I have some open questions: 

*Exceptions*
Server side exceptions are thrown as AmazonServiceException (which extends 
AmazonClientException) returns quite some info on toString():
{code}
public String getMessage() {
        return "Status Code: " + getStatusCode() + ", "
            + "AWS Service: " + getServiceName() + ", "
            + "AWS Request ID: " + getRequestId() + ", "
            + "AWS Error Code: " + getErrorCode() + ", "
            + "AWS Error Message: " + super.getMessage();
    }
{code}
The error codes are detailed here: 
http://docs.aws.amazon.com/AmazonS3/latest/API/ErrorResponses.html 

A more general AmazonClientException is thrown if the server could not be 
reached (or there is another client side problem). Do you want me to wrap the 
entire list in the link above in standard Java exceptions?
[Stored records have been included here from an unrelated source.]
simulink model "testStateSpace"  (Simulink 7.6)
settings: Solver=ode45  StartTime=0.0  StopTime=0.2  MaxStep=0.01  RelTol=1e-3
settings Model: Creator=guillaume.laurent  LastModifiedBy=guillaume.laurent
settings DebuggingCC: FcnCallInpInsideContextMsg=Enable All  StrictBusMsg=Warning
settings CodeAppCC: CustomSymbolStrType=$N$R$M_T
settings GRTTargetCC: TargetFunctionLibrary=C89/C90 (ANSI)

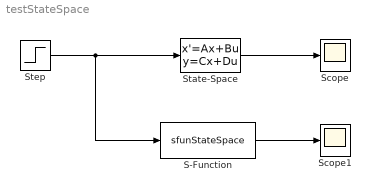
== system testStateSpace ==
  S-Function : S-Function  FunctionName=sfunStateSpace  Parameters="[ -0.09  -0.01 ;  1   ,  0   ]  [  1    -7  ;   0   , -2   ] [  0    2  ;  1   , -5   ] [ -3   0   ;   1   , 0     ]"  SFunctionDeploymentMode=off  EnableBusSupport=off
  Scope : Scope
      settings: TimeRange=auto  LimitDataPoints=on  MaxDataPoints=5000  SaveToWorkspace=off  SaveName=ScopeData  YMin=-4.08633  YMax=2.17885  SampleTime=-1
  Scope1 : Scope
      settings: TimeRange=auto  LimitDataPoints=on  MaxDataPoints=5000  SaveToWorkspace=off  YMin=-0.000000000000000000000000000000000000000000000000000000000000000000000000000000000000000000000000000000000000000000000000000000000000000000000000000000000000000000000000000000000000000000000000000000000000000000000000000000000000000000000000000000000000000000000000000000000000000000000000000000000000000000000000000000000005  YMax=0.000000000000000000000000000000000000000000000000000000000000000000000000000000000000000000000000000000000000000000000000000000000000000000000000000000000000000000000000000000000000000000000000000000000000000000000000000000000000000000000000000000000000000000000000000000000000000000000000000000000000000000000000000000000044  SampleTime=-1
  State-Space : StateSpace  A="[ -0.09  -0.01 ;  1   ,  0   ]"  B="[  1    -7  ;   0   , -2   ]"  C="[  0    2  ;  1   , -5   ]"  D="[ -3   0   ;   1   , 0     ]"  X0=0
  Step : Step  Time=0.1  Before=[0 0]  After=[1 1]  SampleTime=0
  wires:
  Step/1 -> State-Space/1, S-Function/1
  State-Space/1 -> Scope/1
  S-Function/1 -> Scope1/1

I agree that typed 
exceptions are good as they provide more info, but considering the detailed 
response codes, this might not be the top priority. 

*Statistics*

Unlike hdfs, s3a passes null to the wrapping FSDataOutputStream and does the 
statistics counting itself. It counts the bytes transferred to the server 
(double counting retries, etc.) by adding listeners (from AWS lib) to the 
uploads. It also calls statistics.incrementWriteOps(1) on every part of a 
multipart upload. It thus gives an S3-centric view of the filesystem stats, not 
a Hadoop one.

The introduced S3AFastOutputStream leaves bytecounting to FSDataOutputStream 
(cfr. hdfs) and only counts a writeOp per successful create(). It thus has 
different behavior. Should I revert to the S3AOutputStream way or will we 
change that to be HDFS like (in a separate jira)? 

*Failures*

Currently, failure of a MultiPartUpload is only checked upon closing the file. 
So f.i. if the server is unreachable each part waits for the connection setup 
timeout to fail, which takes a while. Once one part has failed, we should abort 
asap. I think adding a callback to each partUpload(ListenableFuture) that sets 
an AtomicBoolean failed = true if it has failed and checking this before 
starting a partUpload allows us to throw the Exception at the start of the next 
partUpload.

> Memory-based S3AOutputstream
> ----------------------------
>
>                 Key: HADOOP-11183
>                 URL: https://issues.apache.org/jira/browse/HADOOP-11183
>             Project: Hadoop Common
>          Issue Type: Sub-task
>          Components: fs/s3
>    Affects Versions: 2.6.0
>            Reporter: Thomas Demoor
>            Assignee: Thomas Demoor
>         Attachments: HADOOP-11183-004.patch, HADOOP-11183.001.patch, 
> HADOOP-11183.002.patch, HADOOP-11183.003.patch, design-comments.pdf
>
>
> Currently s3a buffers files on disk(s) before uploading. This JIRA 
> investigates adding a memory-based upload implementation.
> The motivation is evidently performance: this would be beneficial for users 
> with high network bandwidth to S3 (EC2?) or users that run Hadoop directly on 
> an S3-compatible object store (FYI: my contributions are made in name of 
> Amplidata).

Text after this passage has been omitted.